Java API
In addition to the Scala API, some APIs can also be accessed from Java.
Creating a Spark Session
When accessing Spark from java, a SparkSession
needs to be created, similar to this:
SparkSession spark = SparkSession
.builder()
.master("local[*]")
.appName("Java API")
.config("spark.couchbase.connectionString", "127.0.0.1")
.config("spark.couchbase.username", "Administrator")
.config("spark.couchbase.password", "password")
.config("spark.couchbase.implicitBucket", "travel-sample")
.getOrCreate();
Properties and configuration are set in the same way.
Using SparkSQL DataFrames
The DataFrame
APIs can be accessed very similarly from Java compared to Scala.
Dataset<Row> airlines = spark.read()
.format("couchbase.query")
.option(QueryOptions.Filter(), "type = 'airline'")
.option(QueryOptions.Bucket(), "travel-sample")
.load();
airlines.show(3);
Note that since later version of Spark 2, a DataFrame
is just an alias for a Dataset<Row>
and can be interacted with in the same way.

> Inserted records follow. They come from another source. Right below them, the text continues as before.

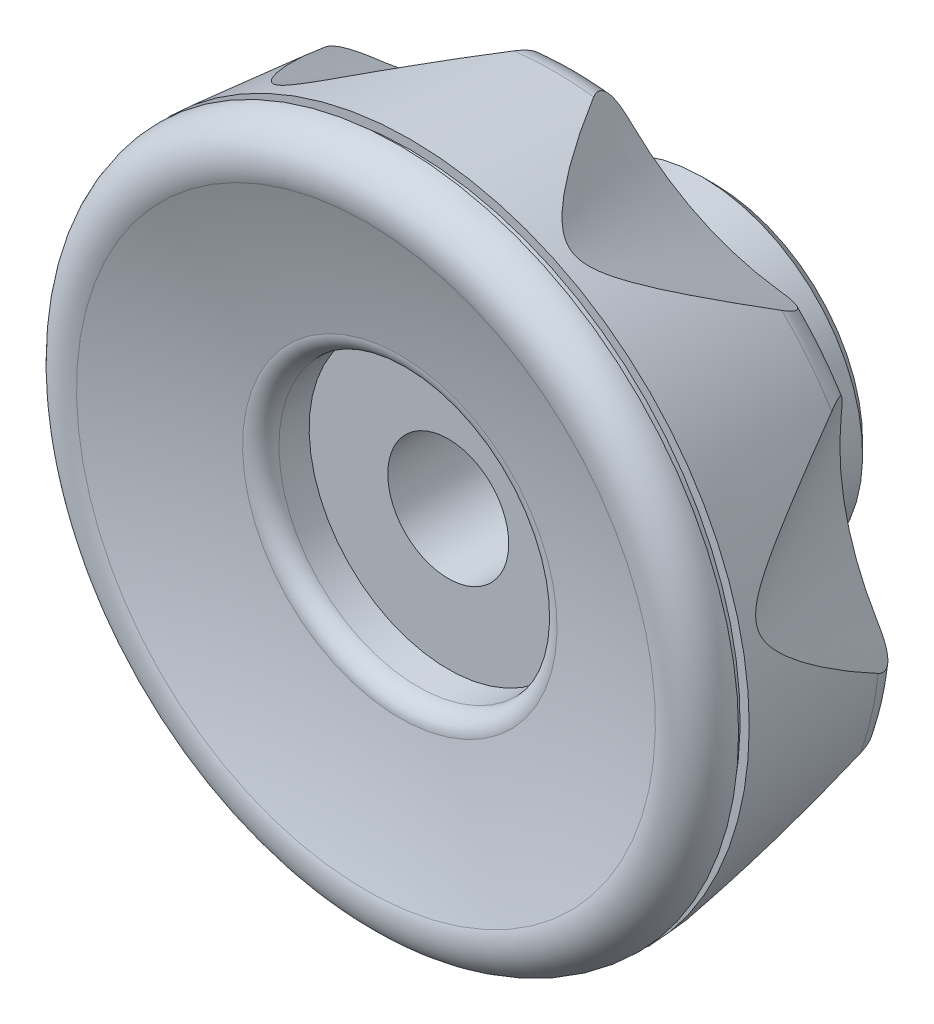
ISO-10303-21;
HEADER;
FILE_DESCRIPTION(('STEP AP214'),'2;1');
FILE_NAME('part.step','',(''),(''),'','','');
FILE_SCHEMA(('AUTOMOTIVE_DESIGN { 1 0 10303 214 1 1 1 1 }'));
ENDSEC;
DATA;
#1=APPLICATION_CONTEXT('core data for automotive mechanical design processes');
#2=APPLICATION_PROTOCOL_DEFINITION('international standard','automotive_design',2000,#1);
#3=PRODUCT_CONTEXT('',#1,'mechanical');
#4=PRODUCT('Part','Part','',(#3));
#5=PRODUCT_RELATED_PRODUCT_CATEGORY('part','',(#4));
#6=PRODUCT_DEFINITION_FORMATION('','',#4);
#7=PRODUCT_DEFINITION_CONTEXT('part definition',#1,'design');
#8=PRODUCT_DEFINITION('design','',#6,#7);
#9=PRODUCT_DEFINITION_SHAPE('','',#8);
#10=(LENGTH_UNIT() NAMED_UNIT(*) SI_UNIT(.MILLI.,.METRE.));
#11=(NAMED_UNIT(*) PLANE_ANGLE_UNIT() SI_UNIT($,.RADIAN.));
#12=(NAMED_UNIT(*) SI_UNIT($,.STERADIAN.) SOLID_ANGLE_UNIT());
#13=UNCERTAINTY_MEASURE_WITH_UNIT(LENGTH_MEASURE(1.E-05),#10,'distance_accuracy_value','');
#14=(GEOMETRIC_REPRESENTATION_CONTEXT(3) GLOBAL_UNCERTAINTY_ASSIGNED_CONTEXT((#13)) GLOBAL_UNIT_ASSIGNED_CONTEXT((#10,
#11,#12)) REPRESENTATION_CONTEXT('',''));
#15=CARTESIAN_POINT('',(0.,0.,0.));
#16=DIRECTION('',(0.,0.,1.));
#17=DIRECTION('',(1.,0.,0.));
#18=AXIS2_PLACEMENT_3D('',#15,#16,#17);
#19=CARTESIAN_POINT('',(0.,0.,13.5));
#20=DIRECTION('',(0.,0.,1.));
#21=DIRECTION('',(0.,1.,0.));
#22=AXIS2_PLACEMENT_3D('',#19,#20,#21);
#23=TOROIDAL_SURFACE('',#22,24.4738282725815,2.4999999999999);
#24=CARTESIAN_POINT('',(0.,0.,11.));
#25=DIRECTION('',(0.,0.,1.));
#26=DIRECTION('',(0.,1.,0.));
#27=AXIS2_PLACEMENT_3D('',#24,#25,#26);
#28=CIRCLE('',#27,24.4738282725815);
#29=CARTESIAN_POINT('',(-16.2379624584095,18.3111126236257,11.));
#30=VERTEX_POINT('',#29);
#31=CARTESIAN_POINT('',(-21.4653013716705,11.7562369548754,11.));
#32=VERTEX_POINT('',#31);
#33=EDGE_CURVE('E134',#30,#32,#28,.T.);
#34=ORIENTED_EDGE('',*,*,#33,.T.);
#35=CARTESIAN_POINT('',(-21.4653013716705,11.7562369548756,11.));
#36=CARTESIAN_POINT('',(-21.4754382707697,11.8601222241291,11.000030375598));
#37=CARTESIAN_POINT('',(-21.4872751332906,11.9639124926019,11.0020766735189));
#38=CARTESIAN_POINT('',(-21.5148402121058,12.1711325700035,11.0112222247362));
#39=CARTESIAN_POINT('',(-21.5305827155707,12.2745596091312,11.0183402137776));
#40=CARTESIAN_POINT('',(-21.5666560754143,12.4816775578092,11.0388207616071));
#41=CARTESIAN_POINT('',(-21.5870535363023,12.5853482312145,11.0522773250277));
#42=CARTESIAN_POINT('',(-21.6327777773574,12.79018793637,11.086761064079));
#43=CARTESIAN_POINT('',(-21.6580966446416,12.8913606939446,11.1077761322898));
#44=CARTESIAN_POINT('',(-21.7159025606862,13.096009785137,11.1604458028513));
#45=CARTESIAN_POINT('',(-21.7487343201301,13.1992460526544,11.1926745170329));
#46=CARTESIAN_POINT('',(-21.8208966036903,13.3985520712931,11.2692171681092));
#47=CARTESIAN_POINT('',(-21.8602062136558,13.494643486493,11.313492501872));
#48=CARTESIAN_POINT('',(-21.9242907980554,13.631369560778,11.3905180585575));
#49=CARTESIAN_POINT('',(-21.9466893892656,13.6760092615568,11.4182052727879));
#50=CARTESIAN_POINT('',(-21.9930436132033,13.7619364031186,11.4772174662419));
#51=CARTESIAN_POINT('',(-22.0169983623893,13.8032257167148,11.5085403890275));
#52=CARTESIAN_POINT('',(-22.0662965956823,13.8818232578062,11.574842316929));
#53=CARTESIAN_POINT('',(-22.0916394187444,13.919133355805,11.6098195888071));
#54=CARTESIAN_POINT('',(-22.1434758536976,13.9891694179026,11.6833341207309));
#55=CARTESIAN_POINT('',(-22.1699692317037,14.0218963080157,11.7218706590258));
#56=CARTESIAN_POINT('',(-22.2204575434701,14.0784837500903,11.7972787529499));
#57=CARTESIAN_POINT('',(-22.2443568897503,14.1029401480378,11.8337680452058));
#58=CARTESIAN_POINT('',(-22.2925479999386,14.147619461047,11.9090357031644));
#59=CARTESIAN_POINT('',(-22.3168398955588,14.1678409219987,11.9478148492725));
#60=CARTESIAN_POINT('',(-22.3655101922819,14.2038164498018,12.0272744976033));
#61=CARTESIAN_POINT('',(-22.3898884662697,14.2195754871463,12.0679528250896));
#62=CARTESIAN_POINT('',(-22.4384945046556,14.2465760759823,12.1508760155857));
#63=CARTESIAN_POINT('',(-22.4627222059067,14.2578158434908,12.1931214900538));
#64=CARTESIAN_POINT('',(-22.5288434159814,14.2825299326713,12.3109990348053));
#65=CARTESIAN_POINT('',(-22.5703388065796,14.2913426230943,12.3878768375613));
#66=CARTESIAN_POINT('',(-22.6510509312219,14.2958836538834,12.5432786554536));
#67=CARTESIAN_POINT('',(-22.6902625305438,14.2915835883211,12.6218058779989));
#68=CARTESIAN_POINT('',(-22.7755265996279,14.2684993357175,12.7992847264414));
#69=CARTESIAN_POINT('',(-22.8206927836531,14.246227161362,12.8982168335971));
#70=CARTESIAN_POINT('',(-22.8841902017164,14.2010917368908,13.044286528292));
#71=CARTESIAN_POINT('',(-22.9046065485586,14.184142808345,13.0924834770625));
#72=CARTESIAN_POINT('',(-22.9440559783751,14.146710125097,13.187982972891));
#73=CARTESIAN_POINT('',(-22.9630908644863,14.1262311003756,13.2352866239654));
#74=CARTESIAN_POINT('',(-22.9814573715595,14.1041446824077,13.2821097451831));
#75=B_SPLINE_CURVE_WITH_KNOTS('',3,(#35,#36,#37,#38,#39,#40,#41,#42,#43,#44,#45,#46,#47,#48,#49,
#50,#51,#52,#53,#54,#55,#56,#57,#58,#59,#60,#61,#62,#63,#64,#65,#66,#67,#68,#69,#70,#71,#72,#73,
#74),.UNSPECIFIED.,.F.,.F.,(4,2,2,2,2,2,2,2,2,2,2,2,2,2,2,2,2,2,2,4),(0.,0.313209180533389,
0.627581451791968,0.946770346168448,1.26545021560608,1.60369981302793,1.94087800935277,
2.11199734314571,2.28302035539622,2.45396261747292,2.62487029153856,2.77466826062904,
2.92451758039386,3.07419932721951,3.22394010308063,3.48614173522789,3.74891177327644,
4.08027673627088,4.24522540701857,4.40995475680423),.UNSPECIFIED.);
#76=CARTESIAN_POINT('',(-22.981457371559,14.1041446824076,13.282109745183));
#77=VERTEX_POINT('',#76);
#78=EDGE_CURVE('E119',#32,#77,#75,.T.);
#79=ORIENTED_EDGE('',*,*,#78,.T.);
#80=CARTESIAN_POINT('',(0.,0.,13.282109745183));
#81=DIRECTION('',(0.,0.,1.));
#82=DIRECTION('',(0.,1.,0.));
#83=AXIS2_PLACEMENT_3D('',#80,#81,#82);
#84=CIRCLE('',#83,26.9643149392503);
#85=CARTESIAN_POINT('',(-18.8643796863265,19.2667968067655,13.282109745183));
#86=VERTEX_POINT('',#85);
#87=EDGE_CURVE('E149',#86,#77,#84,.T.);
#88=ORIENTED_EDGE('',*,*,#87,.F.);
#89=CARTESIAN_POINT('',(-18.8643796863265,19.2667968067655,13.282109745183));
#90=CARTESIAN_POINT('',(-18.8981743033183,19.2226732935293,13.1915305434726));
#91=CARTESIAN_POINT('',(-18.9255552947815,19.1772447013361,13.0988167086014));
#92=CARTESIAN_POINT('',(-18.9651950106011,19.0843052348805,12.9100927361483));
#93=CARTESIAN_POINT('',(-18.9773008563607,19.0367781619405,12.8140590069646));
#94=CARTESIAN_POINT('',(-18.983341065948,18.9407957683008,12.6209607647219));
#95=CARTESIAN_POINT('',(-18.9771650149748,18.8923365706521,12.5238935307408));
#96=CARTESIAN_POINT('',(-18.9442986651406,18.7968510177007,12.3329550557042));
#97=CARTESIAN_POINT('',(-18.917699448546,18.7498192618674,12.2390715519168));
#98=CARTESIAN_POINT('',(-18.8474169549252,18.6641060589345,12.0674765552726));
#99=CARTESIAN_POINT('',(-18.8058006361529,18.6250650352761,11.9890989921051));
#100=CARTESIAN_POINT('',(-18.7069025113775,18.5516039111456,11.8403817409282));
#101=CARTESIAN_POINT('',(-18.6496092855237,18.5171872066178,11.7700479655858));
#102=CARTESIAN_POINT('',(-18.5279204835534,18.457227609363,11.6454449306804));
#103=CARTESIAN_POINT('',(-18.4646762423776,18.4311577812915,11.5902907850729));
#104=CARTESIAN_POINT('',(-18.3299240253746,18.3843608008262,11.4887242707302));
#105=CARTESIAN_POINT('',(-18.2584221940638,18.3636297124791,11.4423054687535));
#106=CARTESIAN_POINT('',(-18.0741590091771,18.3189481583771,11.3379996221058));
#107=CARTESIAN_POINT('',(-17.9578593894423,18.2981009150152,11.2850492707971));
#108=CARTESIAN_POINT('',(-17.7173155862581,18.2668011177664,11.1949523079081));
#109=CARTESIAN_POINT('',(-17.5930199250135,18.2564250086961,11.1579230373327));
#110=CARTESIAN_POINT('',(-17.3654004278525,18.2458816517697,11.1030967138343));
#111=CARTESIAN_POINT('',(-17.2626807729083,18.2441255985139,11.0829631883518));
#112=CARTESIAN_POINT('',(-17.0560091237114,18.2457463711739,11.0499258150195));
#113=CARTESIAN_POINT('',(-16.9520556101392,18.2491303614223,11.0370320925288));
#114=CARTESIAN_POINT('',(-16.7461255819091,18.260237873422,11.0174873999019));
#115=CARTESIAN_POINT('',(-16.6441552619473,18.2678653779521,11.0107067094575));
#116=CARTESIAN_POINT('',(-16.4406884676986,18.2868392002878,11.0019849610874));
#117=CARTESIAN_POINT('',(-16.3391915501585,18.2981729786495,11.000027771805));
#118=CARTESIAN_POINT('',(-16.2379624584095,18.3111126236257,11.));
#119=B_SPLINE_CURVE_WITH_KNOTS('',3,(#89,#90,#91,#92,#93,#94,#95,#96,#97,#98,#99,#100,#101,#102,
#103,#104,#105,#106,#107,#108,#109,#110,#111,#112,#113,#114,#115,#116,#117,#118),.UNSPECIFIED.,
.F.,.F.,(4,2,2,2,2,2,2,2,2,2,2,2,2,2,4),(0.,0.319088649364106,0.641346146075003,
0.96555390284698,1.28832411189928,1.57749027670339,1.86686764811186,2.12940978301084,
2.39175780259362,2.77800167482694,3.16704536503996,3.48068996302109,3.79477212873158,
4.10202079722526,4.40824052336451),.UNSPECIFIED.);
#120=EDGE_CURVE('E139',#86,#30,#119,.T.);
#121=ORIENTED_EDGE('',*,*,#120,.T.);
#122=EDGE_LOOP('',(#34,#79,#88,#121));
#123=FACE_BOUND('',#122,.T.);
#124=ADVANCED_FACE('F14',(#123),#23,.T.);
#125=CARTESIAN_POINT('',(-26.8251366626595,-2.73611461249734,13.282109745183));
#126=VERTEX_POINT('',#125);
#127=CARTESIAN_POINT('',(-25.355768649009,-9.17383651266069,13.282109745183));
#128=VERTEX_POINT('',#127);
#129=EDGE_CURVE('E156',#126,#128,#84,.T.);
#130=ORIENTED_EDGE('',*,*,#129,.F.);
#131=CARTESIAN_POINT('',(-26.8251366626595,-2.73611461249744,13.282109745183));
#132=CARTESIAN_POINT('',(-26.8117101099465,-2.79004686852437,13.1915305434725));
#133=CARTESIAN_POINT('',(-26.7932643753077,-2.83977845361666,13.0988167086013));
#134=CARTESIAN_POINT('',(-26.7453163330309,-2.92871684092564,12.9100927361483));
#135=CARTESIAN_POINT('',(-26.7157060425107,-2.96781421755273,12.8140590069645));
#136=CARTESIAN_POINT('',(-26.6444299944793,-3.0323806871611,12.620960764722));
#137=CARTESIAN_POINT('',(-26.602692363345,-3.0577658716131,12.5238935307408));
#138=CARTESIAN_POINT('',(-26.507546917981,-3.09160419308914,12.3329550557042));
#139=CARTESIAN_POINT('',(-26.4541916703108,-3.10013190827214,12.2390715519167));
#140=CARTESIAN_POINT('',(-26.3433579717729,-3.09862415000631,12.0674765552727));
#141=CARTESIAN_POINT('',(-26.2868871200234,-3.09042888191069,11.9890989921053));
#142=CARTESIAN_POINT('',(-26.1677909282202,-3.05890947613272,11.8403817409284));
#143=CARTESIAN_POINT('',(-26.1051611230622,-3.03557429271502,11.7700479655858));
#144=CARTESIAN_POINT('',(-25.9824110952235,-2.97781835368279,11.6454449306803));
#145=CARTESIAN_POINT('',(-25.9225967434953,-2.94462628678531,11.590290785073));
#146=CARTESIAN_POINT('',(-25.8019927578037,-2.86845020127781,11.4887242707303));
#147=CARTESIAN_POINT('',(-25.7412038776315,-2.82547344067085,11.4423054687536));
#148=CARTESIAN_POINT('',(-25.5913842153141,-2.70926917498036,11.3379996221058));
#149=CARTESIAN_POINT('',(-25.5025735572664,-2.63134051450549,11.2850492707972));
#150=CARTESIAN_POINT('',(-25.3281257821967,-2.46279090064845,11.194952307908));
#151=CARTESIAN_POINT('',(-25.2425163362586,-2.37208203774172,11.1579230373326));
#152=CARTESIAN_POINT('',(-25.0923547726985,-2.20069562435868,11.1030967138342));
#153=CARTESIAN_POINT('',(-25.0269371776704,-2.12148104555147,11.0829631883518));
#154=CARTESIAN_POINT('',(-24.8993466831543,-1.95888810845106,11.0499258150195));
#155=CARTESIAN_POINT('',(-24.8371784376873,-1.87550409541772,11.0370320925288));
#156=CARTESIAN_POINT('',(-24.7174673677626,-1.70757609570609,11.0174873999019));
#157=CARTESIAN_POINT('',(-24.6598533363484,-1.62309681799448,11.0107067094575));
#158=CARTESIAN_POINT('',(-24.5478281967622,-1.45219008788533,11.0019849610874));
#159=CARTESIAN_POINT('',(-24.4934070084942,-1.365770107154,11.000027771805));
#160=CARTESIAN_POINT('',(-24.4404083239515,-1.27855827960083,11.));
#161=B_SPLINE_CURVE_WITH_KNOTS('',3,(#131,#132,#133,#134,#135,#136,#137,#138,#139,#140,#141,
#142,#143,#144,#145,#146,#147,#148,#149,#150,#151,#152,#153,#154,#155,#156,#157,#158,#159,#160),
.UNSPECIFIED.,.F.,.F.,(4,2,2,2,2,2,2,2,2,2,2,2,2,2,4),(0.,0.319088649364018,0.641346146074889,
0.965553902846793,1.288324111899,1.57749027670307,1.8668676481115,2.12940978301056,
2.39175780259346,2.77800167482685,3.16704536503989,3.4806899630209,3.79477212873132,
4.10202079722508,4.40824052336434),.UNSPECIFIED.);
#162=CARTESIAN_POINT('',(-24.4404083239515,-1.27855827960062,11.));
#163=VERTEX_POINT('',#162);
#164=EDGE_CURVE('E34',#126,#163,#161,.T.);
#165=ORIENTED_EDGE('',*,*,#164,.T.);
#166=CARTESIAN_POINT('',(-22.5747926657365,-9.45235454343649,11.));
#167=VERTEX_POINT('',#166);
#168=EDGE_CURVE('E136',#163,#167,#28,.T.);
#169=ORIENTED_EDGE('',*,*,#168,.T.);
#170=CARTESIAN_POINT('',(-22.5747926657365,-9.45235454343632,11.));
#171=CARTESIAN_POINT('',(-22.6623336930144,-9.39550848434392,11.000030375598));
#172=CARTESIAN_POINT('',(-22.7508603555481,-9.34005074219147,11.0020766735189));
#173=CARTESIAN_POINT('',(-22.930058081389,-9.23240238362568,11.0112222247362));
#174=CARTESIAN_POINT('',(-23.0207358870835,-9.18022466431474,11.0183402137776));
#175=CARTESIAN_POINT('',(-23.2051585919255,-9.07929202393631,11.0388207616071));
#176=CARTESIAN_POINT('',(-23.2989291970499,-9.03060179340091,11.0522773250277));
#177=CARTESIAN_POINT('',(-23.4875879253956,-8.93863497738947,11.0867610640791));
#178=CARTESIAN_POINT('',(-23.5824740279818,-8.89534988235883,11.1077761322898));
#179=CARTESIAN_POINT('',(-23.7785165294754,-8.81294774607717,11.1604458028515));
#180=CARTESIAN_POINT('',(-23.8797001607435,-8.77424988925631,11.1926745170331));
#181=CARTESIAN_POINT('',(-24.0805163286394,-8.70640336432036,11.2692171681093));
#182=CARTESIAN_POINT('',(-24.1801527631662,-8.67722483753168,11.3134925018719));
#183=CARTESIAN_POINT('',(-24.3270055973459,-8.64208087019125,11.3905180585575));
#184=CARTESIAN_POINT('',(-24.3758716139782,-8.63176039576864,11.4182052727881));
#185=CARTESIAN_POINT('',(-24.4719535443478,-8.6144268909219,11.4772174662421));
#186=CARTESIAN_POINT('',(-24.5191703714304,-8.60741200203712,11.5085403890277));
#187=CARTESIAN_POINT('',(-24.611357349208,-8.59695014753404,11.5748423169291));
#188=CARTESIAN_POINT('',(-24.6563285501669,-8.59350149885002,11.6098195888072));
#189=CARTESIAN_POINT('',(-24.7434044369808,-8.59036208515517,11.683334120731));
#190=CARTESIAN_POINT('',(-24.785509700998,-8.59067055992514,11.721870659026));
#191=CARTESIAN_POINT('',(-24.8612304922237,-8.594862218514,11.79727875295));
#192=CARTESIAN_POINT('',(-24.8952522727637,-8.59829916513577,11.8337680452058));
#193=CARTESIAN_POINT('',(-24.960230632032,-8.60811939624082,11.9090357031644));
#194=CARTESIAN_POINT('',(-24.9911861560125,-8.61450369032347,11.9478148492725));
#195=CARTESIAN_POINT('',(-25.0496583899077,-8.63012528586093,12.0272744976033));
#196=CARTESIAN_POINT('',(-25.0771789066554,-8.63935938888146,12.0679528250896));
#197=CARTESIAN_POINT('',(-25.1285941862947,-8.66052652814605,12.1508760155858));
#198=CARTESIAN_POINT('',(-25.152487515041,-8.67246062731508,12.1931214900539));
#199=CARTESIAN_POINT('',(-25.2130356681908,-8.70874728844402,12.3109990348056));
#200=CARTESIAN_POINT('',(-25.2457976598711,-8.73569506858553,12.3878768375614));
#201=CARTESIAN_POINT('',(-25.2996711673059,-8.79596706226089,12.5432786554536));
#202=CARTESIAN_POINT('',(-25.3207572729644,-8.82930497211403,12.621805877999));
#203=CARTESIAN_POINT('',(-25.3558705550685,-8.91035990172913,12.7992847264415));
#204=CARTESIAN_POINT('',(-25.3666181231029,-8.9595587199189,12.8982168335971));
#205=CARTESIAN_POINT('',(-25.3709198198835,-9.03734447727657,13.0442865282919));
#206=CARTESIAN_POINT('',(-25.3703979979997,-9.0638741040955,13.0924834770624));
#207=CARTESIAN_POINT('',(-25.3657282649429,-9.11805580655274,13.1879829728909));
#208=CARTESIAN_POINT('',(-25.3615851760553,-9.14570634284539,13.2352866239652));
#209=CARTESIAN_POINT('',(-25.355768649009,-9.17383651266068,13.282109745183));
#210=B_SPLINE_CURVE_WITH_KNOTS('',3,(#170,#171,#172,#173,#174,#175,#176,#177,#178,#179,#180,
#181,#182,#183,#184,#185,#186,#187,#188,#189,#190,#191,#192,#193,#194,#195,#196,#197,#198,#199,
#200,#201,#202,#203,#204,#205,#206,#207,#208,#209),.UNSPECIFIED.,.F.,.F.,(4,2,2,2,2,2,2,2,2,2,2,
2,2,2,2,2,2,2,2,4),(0.,0.313209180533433,0.627581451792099,0.946770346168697,1.26545021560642,
1.60369981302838,1.9408780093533,2.11199734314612,2.28302035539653,2.45396261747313,
2.62487029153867,2.77466826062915,2.92451758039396,3.07419932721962,3.22394010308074,
3.48614173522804,3.74891177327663,4.08027673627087,4.24522540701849,4.40995475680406),.UNSPECIFIED.);
#211=EDGE_CURVE('E315',#167,#128,#210,.T.);
#212=ORIENTED_EDGE('',*,*,#211,.T.);
#213=EDGE_LOOP('',(#130,#165,#169,#212));
#214=FACE_BOUND('',#213,.T.);
#215=ADVANCED_FACE('F424',(#214),#23,.T.);
#216=CARTESIAN_POINT('',(-14.586018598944,-22.6786759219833,13.282109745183));
#217=VERTEX_POINT('',#216);
#218=CARTESIAN_POINT('',(-8.63666897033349,-25.543731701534,13.282109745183));
#219=VERTEX_POINT('',#218);
#220=EDGE_CURVE('E160',#217,#219,#84,.T.);
#221=ORIENTED_EDGE('',*,*,#220,.F.);
#222=CARTESIAN_POINT('',(-14.586018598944,-22.6786759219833,13.282109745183));
#223=CARTESIAN_POINT('',(-14.5354813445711,-22.7018048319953,13.1915305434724));
#224=CARTESIAN_POINT('',(-14.4850988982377,-22.7183905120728,13.0988167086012));
#225=CARTESIAN_POINT('',(-14.3856689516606,-22.736355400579,12.9100927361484));
#226=CARTESIAN_POINT('',(-14.336639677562,-22.7375819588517,12.8140590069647));
#227=CARTESIAN_POINT('',(-14.2417196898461,-22.7221126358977,12.620960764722));
#228=CARTESIAN_POINT('',(-14.1958497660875,-22.7053082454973,12.5238935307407));
#229=CARTESIAN_POINT('',(-14.1100716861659,-22.6520183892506,12.3329550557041));
#230=CARTESIAN_POINT('',(-14.070137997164,-22.6156205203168,12.2390715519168));
#231=CARTESIAN_POINT('',(-14.0022131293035,-22.5280271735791,12.0674765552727));
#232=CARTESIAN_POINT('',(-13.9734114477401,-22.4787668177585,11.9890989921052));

If executed against the travel-sample
bucket, this will print:
+-------------+--------+-------------+----+----+-----+-----------+-------+
| __META_ID|callsign| country|iata|icao| id| name| type|
+-------------+--------+-------------+----+----+-----+-----------+-------+
| airline_10|MILE-AIR|United States| Q5| MLA| 10|40-Mile Air|airline|
|airline_10123| TXW|United States| TQ| TXW|10123|Texas Wings|airline|
|airline_10226| atifly|United States| A1| A1F|10226| Atifly|airline|
+-------------+--------+-------------+----+----+-----+-----------+-------+
Please see the corresponding scala sections for DataFrame
on how to configure the data source and which properties can be applied.
Using SparkSQL Datasets
Since Datasets work with actual Java objects, first create one:
public static class Airline implements Serializable {
private String name;
private String callsign;
private String country;
public String getName() {
return name;
}
public void setName(String name) {
this.name = name;
}
public String getCallsign() {
return callsign;
}
public void setCallsign(String callsign) {
this.callsign = callsign;
}
public String getCountry() {
return country;
}
public void setCountry(String country) {
this.country = country;
}
@Override
public String toString() {
return "Airline{" +
"name='" + name + '\'' +
", callsign='" + callsign + '\'' +
", country='" + country + '\'' +
'}';
}
}
Next, you can convert a DataFrame
to a Dataset
through the .as()
API:
Dataset<Airline> airlines = spark.read()
.format("couchbase.query")
.option(QueryOptions.Filter(), "type = 'airline'")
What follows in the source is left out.